How compute power became the newest financial asset in the AI economy.
The Invisible Commodity
Training the latest generative-AI models costs billions, not millions. By mid-2025, leading labs reported that compute budgets had surged, driven by rising demand for high-performance GPUs and data-center scale-up. For example, CoreWeave signed a five-year contract worth US $11.9 billion with OpenAI in March 2025.
In September, CoreWeave strengthened its partnership with OpenAI for up to $6.5 billion. This brings their total deal to about $22.4 billion.
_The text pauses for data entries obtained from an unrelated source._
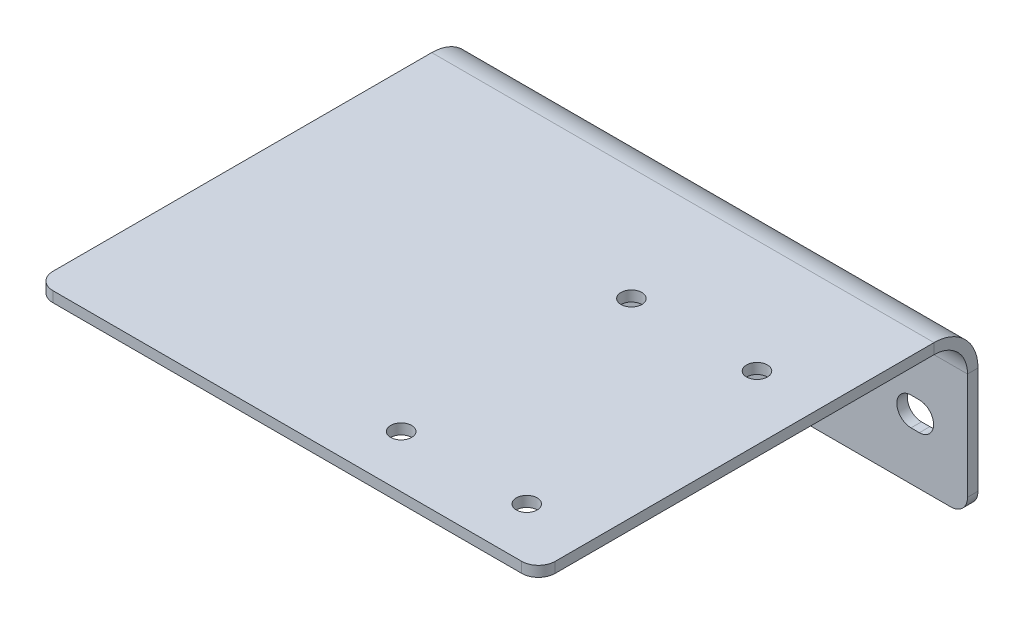
ISO-10303-21;
HEADER;
FILE_DESCRIPTION(('STEP AP214'),'2;1');
FILE_NAME('part.step','',(''),(''),'','','');
FILE_SCHEMA(('AUTOMOTIVE_DESIGN { 1 0 10303 214 1 1 1 1 }'));
ENDSEC;
DATA;
#1=APPLICATION_CONTEXT('core data for automotive mechanical design processes');
#2=APPLICATION_PROTOCOL_DEFINITION('international standard','automotive_design',2000,#1);
#3=PRODUCT_CONTEXT('',#1,'mechanical');
#4=PRODUCT('Part','Part','',(#3));
#5=PRODUCT_RELATED_PRODUCT_CATEGORY('part','',(#4));
#6=PRODUCT_DEFINITION_FORMATION('','',#4);
#7=PRODUCT_DEFINITION_CONTEXT('part definition',#1,'design');
#8=PRODUCT_DEFINITION('design','',#6,#7);
#9=PRODUCT_DEFINITION_SHAPE('','',#8);
#10=(LENGTH_UNIT() NAMED_UNIT(*) SI_UNIT(.MILLI.,.METRE.));
#11=(NAMED_UNIT(*) PLANE_ANGLE_UNIT() SI_UNIT($,.RADIAN.));
#12=(NAMED_UNIT(*) SI_UNIT($,.STERADIAN.) SOLID_ANGLE_UNIT());
#13=UNCERTAINTY_MEASURE_WITH_UNIT(LENGTH_MEASURE(1.E-05),#10,'distance_accuracy_value','');
#14=(GEOMETRIC_REPRESENTATION_CONTEXT(3) GLOBAL_UNCERTAINTY_ASSIGNED_CONTEXT((#13)) GLOBAL_UNIT_ASSIGNED_CONTEXT((#10,
#11,#12)) REPRESENTATION_CONTEXT('',''));
#15=CARTESIAN_POINT('',(0.,0.,0.));
#16=DIRECTION('',(0.,0.,1.));
#17=DIRECTION('',(1.,0.,0.));
#18=AXIS2_PLACEMENT_3D('',#15,#16,#17);
#19=CARTESIAN_POINT('',(0.,25.4,1.5875));
#20=DIRECTION('',(0.,0.,-1.));
#21=DIRECTION('',(-1.,0.,0.));
#22=AXIS2_PLACEMENT_3D('',#19,#20,#21);
#23=PLANE('',#22);
#24=DIRECTION('',(1.,0.,0.));
#25=VECTOR('',#24,1.);
#26=CARTESIAN_POINT('',(7.3025,7.37235,1.5875));
#27=LINE('',#26,#25);
#28=CARTESIAN_POINT('',(7.3025,7.37235,1.5875));
#29=VERTEX_POINT('',#28);
#30=CARTESIAN_POINT('',(8.5725,7.37235,1.5875));
#31=VERTEX_POINT('',#30);
#32=EDGE_CURVE('E240',#29,#31,#27,.T.);
#33=ORIENTED_EDGE('',*,*,#32,.F.);
#34=CARTESIAN_POINT('',(7.3025,9.525,1.5875));
#35=DIRECTION('',(0.,0.,1.));
#36=DIRECTION('',(1.,0.,0.));
#37=AXIS2_PLACEMENT_3D('',#34,#35,#36);
#38=CIRCLE('',#37,2.15265);
#39=CARTESIAN_POINT('',(7.3025,11.67765,1.5875));
#40=VERTEX_POINT('',#39);
#41=EDGE_CURVE('E79',#40,#29,#38,.T.);
#42=ORIENTED_EDGE('',*,*,#41,.F.);
#43=DIRECTION('',(-1.,0.,0.));
#44=VECTOR('',#43,1.);
#45=CARTESIAN_POINT('',(7.3025,11.67765,1.5875));
#46=LINE('',#45,#44);
#47=CARTESIAN_POINT('',(8.5725,11.67765,1.5875));
#48=VERTEX_POINT('',#47);
#49=EDGE_CURVE('E224',#48,#40,#46,.T.);
#50=ORIENTED_EDGE('',*,*,#49,.F.);
#51=CARTESIAN_POINT('',(8.5725,9.525,1.5875));
#52=DIRECTION('',(0.,0.,1.));
#53=DIRECTION('',(1.,0.,0.));
#54=AXIS2_PLACEMENT_3D('',#51,#52,#53);
#55=CIRCLE('',#54,2.15265);
#56=EDGE_CURVE('E228',#31,#48,#55,.T.);
#57=ORIENTED_EDGE('',*,*,#56,.F.);
#58=EDGE_LOOP('',(#33,#42,#50,#57));
#59=FACE_BOUND('',#58,.T.);
#60=DIRECTION('',(1.,0.,0.));
#61=VECTOR('',#60,1.);
#62=CARTESIAN_POINT('',(67.6275,7.37235,1.5875));
#63=LINE('',#62,#61);
#64=CARTESIAN_POINT('',(67.6275,7.37235,1.5875));
#65=VERTEX_POINT('',#64);
#66=CARTESIAN_POINT('',(68.8975,7.37235,1.5875));
#67=VERTEX_POINT('',#66);
#68=EDGE_CURVE('E276',#65,#67,#63,.T.);
#69=ORIENTED_EDGE('',*,*,#68,.F.);
#70=CARTESIAN_POINT('',(67.6275,9.525,1.5875));
#71=DIRECTION('',(0.,0.,1.));
#72=DIRECTION('',(1.,0.,0.));
#73=AXIS2_PLACEMENT_3D('',#70,#71,#72);
#74=CIRCLE('',#73,2.15265);
#75=CARTESIAN_POINT('',(67.6275,11.67765,1.5875));
#76=VERTEX_POINT('',#75);
#77=EDGE_CURVE('E87',#76,#65,#74,.T.);
#78=ORIENTED_EDGE('',*,*,#77,.F.);
#79=DIRECTION('',(-1.,0.,0.));
#80=VECTOR('',#79,1.);
#81=CARTESIAN_POINT('',(67.6275,11.67765,1.5875));
#82=LINE('',#81,#80);
#83=CARTESIAN_POINT('',(68.8975,11.67765,1.5875));
#84=VERTEX_POINT('',#83);
#85=EDGE_CURVE('E261',#84,#76,#82,.T.);
#86=ORIENTED_EDGE('',*,*,#85,.F.);
#87=CARTESIAN_POINT('',(68.8975,9.525,1.5875));
#88=DIRECTION('',(0.,0.,1.));
#89=DIRECTION('',(1.,0.,0.));
#90=AXIS2_PLACEMENT_3D('',#87,#88,#89);
#91=CIRCLE('',#90,2.15265);
#92=EDGE_CURVE('E281',#67,#84,#91,.T.);
#93=ORIENTED_EDGE('',*,*,#92,.F.);
#94=EDGE_LOOP('',(#69,#78,#86,#93));
#95=FACE_BOUND('',#94,.T.);
#96=DIRECTION('',(0.,-1.,0.));
#97=VECTOR('',#96,1.);
#98=CARTESIAN_POINT('',(0.,25.4,1.5875));
#99=LINE('',#98,#97);
#100=CARTESIAN_POINT('',(0.,18.7325,1.5875));
#101=VERTEX_POINT('',#100);
#102=CARTESIAN_POINT('',(0.,2.54,1.5875));
#103=VERTEX_POINT('',#102);
#104=EDGE_CURVE('E373',#101,#103,#99,.T.);
#105=ORIENTED_EDGE('',*,*,#104,.T.);
#106=CARTESIAN_POINT('',(2.54,2.54,1.5875));
#107=DIRECTION('',(0.,0.,-1.));
#108=DIRECTION('',(-1.,0.,0.));
#109=AXIS2_PLACEMENT_3D('',#106,#107,#108);
#110=CIRCLE('',#109,2.54);
#111=CARTESIAN_POINT('',(2.54,0.,1.5875));
#112=VERTEX_POINT('',#111);
#113=EDGE_CURVE('E409',#103,#112,#110,.F.);
#114=ORIENTED_EDGE('',*,*,#113,.T.);
#115=DIRECTION('',(1.,0.,0.));
#116=VECTOR('',#115,1.);
#117=CARTESIAN_POINT('',(0.,0.,1.5875));
#118=LINE('',#117,#116);
#119=CARTESIAN_POINT('',(73.66,0.,1.5875));
#120=VERTEX_POINT('',#119);
#121=EDGE_CURVE('E362',#112,#120,#118,.T.);
#122=ORIENTED_EDGE('',*,*,#121,.T.);
#123=CARTESIAN_POINT('',(73.66,2.54,1.5875));
#124=DIRECTION('',(0.,0.,-1.));
#125=DIRECTION('',(-1.,0.,0.));
#126=AXIS2_PLACEMENT_3D('',#123,#124,#125);
#127=CIRCLE('',#126,2.54);
#128=CARTESIAN_POINT('',(76.2,2.54,1.5875));
#129=VERTEX_POINT('',#128);
#130=EDGE_CURVE('E406',#120,#129,#127,.F.);
#131=ORIENTED_EDGE('',*,*,#130,.T.);
#132=DIRECTION('',(0.,-1.,0.));
#133=VECTOR('',#132,1.);
#134=CARTESIAN_POINT('',(76.2,25.4,1.5875));
#135=LINE('',#134,#133);
#136=CARTESIAN_POINT('',(76.2,18.7325,1.5875));
#137=VERTEX_POINT('',#136);
#138=EDGE_CURVE('E385',#137,#129,#135,.T.);
#139=ORIENTED_EDGE('',*,*,#138,.F.);
#140=DIRECTION('',(-1.,0.,0.));
#141=VECTOR('',#140,1.);
#142=CARTESIAN_POINT('',(0.,18.7325,1.5875));
#143=LINE('',#142,#141);
#144=EDGE_CURVE('E352',#101,#137,#143,.F.);
#145=ORIENTED_EDGE('',*,*,#144,.F.);
#146=EDGE_LOOP('',(#105,#114,#122,#131,#139,#145));
#147=FACE_BOUND('',#146,.T.);
#148=ADVANCED_FACE('F63',(#59,#95,#147),#23,.F.);
#149=CARTESIAN_POINT('',(0.,25.4,0.));
#150=DIRECTION('',(0.,0.,-1.));
#151=DIRECTION('',(-1.,0.,0.));
#152=AXIS2_PLACEMENT_3D('',#149,#150,#151);
#153=PLANE('',#152);
#154=CARTESIAN_POINT('',(7.3025,9.525,0.));
#155=DIRECTION('',(0.,0.,1.));
#156=DIRECTION('',(1.,0.,0.));
#157=AXIS2_PLACEMENT_3D('',#154,#155,#156);
#158=CIRCLE('',#157,2.15265);
#159=CARTESIAN_POINT('',(7.3025,11.67765,0.));
#160=VERTEX_POINT('',#159);
#161=CARTESIAN_POINT('',(7.3025,7.37235,0.));
#162=VERTEX_POINT('',#161);
#163=EDGE_CURVE('E202',#160,#162,#158,.T.);
#164=ORIENTED_EDGE('',*,*,#163,.T.);
#165=DIRECTION('',(1.,0.,0.));
#166=VECTOR('',#165,1.);
#167=CARTESIAN_POINT('',(7.3025,7.37235,0.));
#168=LINE('',#167,#166);
#169=CARTESIAN_POINT('',(8.5725,7.37235,0.));
#170=VERTEX_POINT('',#169);
#171=EDGE_CURVE('E213',#162,#170,#168,.T.);
#172=ORIENTED_EDGE('',*,*,#171,.T.);
#173=CARTESIAN_POINT('',(8.5725,9.525,0.));
#174=DIRECTION('',(0.,0.,1.));
#175=DIRECTION('',(1.,0.,0.));
#176=AXIS2_PLACEMENT_3D('',#173,#174,#175);
#177=CIRCLE('',#176,2.15265);
#178=CARTESIAN_POINT('',(8.5725,11.67765,0.));
#179=VERTEX_POINT('',#178);
#180=EDGE_CURVE('E218',#170,#179,#177,.T.);
#181=ORIENTED_EDGE('',*,*,#180,.T.);
#182=DIRECTION('',(-1.,0.,0.));
#183=VECTOR('',#182,1.);
#184=CARTESIAN_POINT('',(7.3025,11.67765,0.));
#185=LINE('',#184,#183);
#186=EDGE_CURVE('E209',#179,#160,#185,.T.);
#187=ORIENTED_EDGE('',*,*,#186,.T.);
#188=EDGE_LOOP('',(#164,#172,#181,#187));
#189=FACE_BOUND('',#188,.T.);
#190=CARTESIAN_POINT('',(67.6275,9.525,0.));
#191=DIRECTION('',(0.,0.,1.));
#192=DIRECTION('',(1.,0.,0.));
#193=AXIS2_PLACEMENT_3D('',#190,#191,#192);
#194=CIRCLE('',#193,2.15265);
#195=CARTESIAN_POINT('',(67.6275,11.67765,0.));
#196=VERTEX_POINT('',#195);
#197=CARTESIAN_POINT('',(67.6275,7.37235,0.));
#198=VERTEX_POINT('',#197);
#199=EDGE_CURVE('E256',#196,#198,#194,.T.);
#200=ORIENTED_EDGE('',*,*,#199,.T.);
#201=DIRECTION('',(1.,0.,0.));
#202=VECTOR('',#201,1.);
#203=CARTESIAN_POINT('',(67.6275,7.37235,0.));
#204=LINE('',#203,#202);
#205=CARTESIAN_POINT('',(68.8975,7.37235,0.));
#206=VERTEX_POINT('',#205);
#207=EDGE_CURVE('E260',#198,#206,#204,.T.);
#208=ORIENTED_EDGE('',*,*,#207,.T.);
#209=CARTESIAN_POINT('',(68.8975,9.525,0.));
#210=DIRECTION('',(0.,0.,1.));
#211=DIRECTION('',(1.,0.,0.));
#212=AXIS2_PLACEMENT_3D('',#209,#210,#211);
#213=CIRCLE('',#212,2.15265);
#214=CARTESIAN_POINT('',(68.8975,11.67765,0.));
#215=VERTEX_POINT('',#214);
#216=EDGE_CURVE('E265',#206,#215,#213,.T.);
#217=ORIENTED_EDGE('',*,*,#216,.T.);
#218=DIRECTION('',(-1.,0.,0.));
#219=VECTOR('',#218,1.);
#220=CARTESIAN_POINT('',(67.6275,11.67765,0.));
#221=LINE('',#220,#219);
#222=EDGE_CURVE('E269',#215,#196,#221,.T.);
#223=ORIENTED_EDGE('',*,*,#222,.T.);
#224=EDGE_LOOP('',(#200,#208,#217,#223));
#225=FACE_BOUND('',#224,.T.);
#226=DIRECTION('',(1.,0.,0.));
#227=VECTOR('',#226,1.);
#228=CARTESIAN_POINT('',(0.,0.,0.));
#229=LINE('',#228,#227);
#230=CARTESIAN_POINT('',(2.54,0.,0.));
#231=VERTEX_POINT('',#230);
#232=CARTESIAN_POINT('',(73.66,0.,0.));
#233=VERTEX_POINT('',#232);
#234=EDGE_CURVE('E369',#231,#233,#229,.T.);
#235=ORIENTED_EDGE('',*,*,#234,.F.);
#236=CARTESIAN_POINT('',(2.54,2.54,0.));
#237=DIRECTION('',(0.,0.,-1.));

In essence: compute has become a bottleneck, and bottlenecks trade like commodities.
From Cloud to Market
What started off as dealing with cloud compute as a cost center is now turning into a way of looking at it as a tradable asset. Nvidia announced the new software platform Lepton, which will create a marketplace for cloud-based AI chip capacity, thus marking the formalization of compute-markets.
Meanwhile, the global “GPU as a Service” market is projected to grow from US $6.54 billion in 2024 to US $8.21 billion in 2025, and further to US $26.62 billion by 2030 (CAGR ~26.5%).
Running a training job is no longer just a tech operation—it’s a market signal.
We used to buy capacity; now we’re trading it.
Liquidity of Intelligence
Investors aren’t just backing software anymore; they’re backing compute infrastructure. Firms treat GPU clusters, training pipelines, and model-hosting farms as utility assets.
The global data-centre GPU market is predicted to grow from about US$119.97 billion in 2025 to US$228.04 billion by 2030.
In other words, compute throughput is becoming the next lever of market advantage.
The Speculation Layer
Compute markets are still thinly regulated but rapidly gaining complexity. For example, Nvidia’s deal to invest up to US $100 billion in OpenAI (and supply chips) shows how compute commitments now resemble infrastructure finance.
The question becomes, if you’re buying access to AI compute, what asset class do you own?
It sits at the intersection of technology, finance, and commodity markets.
The Human Parallel
Commodity trading desks once monitored oil tankers and futures curves. Today some firms are monitoring compute pipelines and GPU lease contracts.
The analogies are real: just as power plants once provided scale for industrial growth, model-labs now seek scale via compute liquidity.
Value is shifting upstream: from software features to underlying infrastructure.
What It Signals
If compute becomes a core asset class:
• Infrastructure providers (not just hardware vendors) gain strategic importance: marketplaces, leasing platforms, and secondary GPU markets become key nodes.
• Software companies face pressure: increasingly the differentiator is access to compute + data, not just features.
• Investors need new metrics: compute utilisation, petaflops per dollar, latency arbitrage become valuable indicators.
• Markets may shift: competition becomes about compute liquidity as much as talent or data.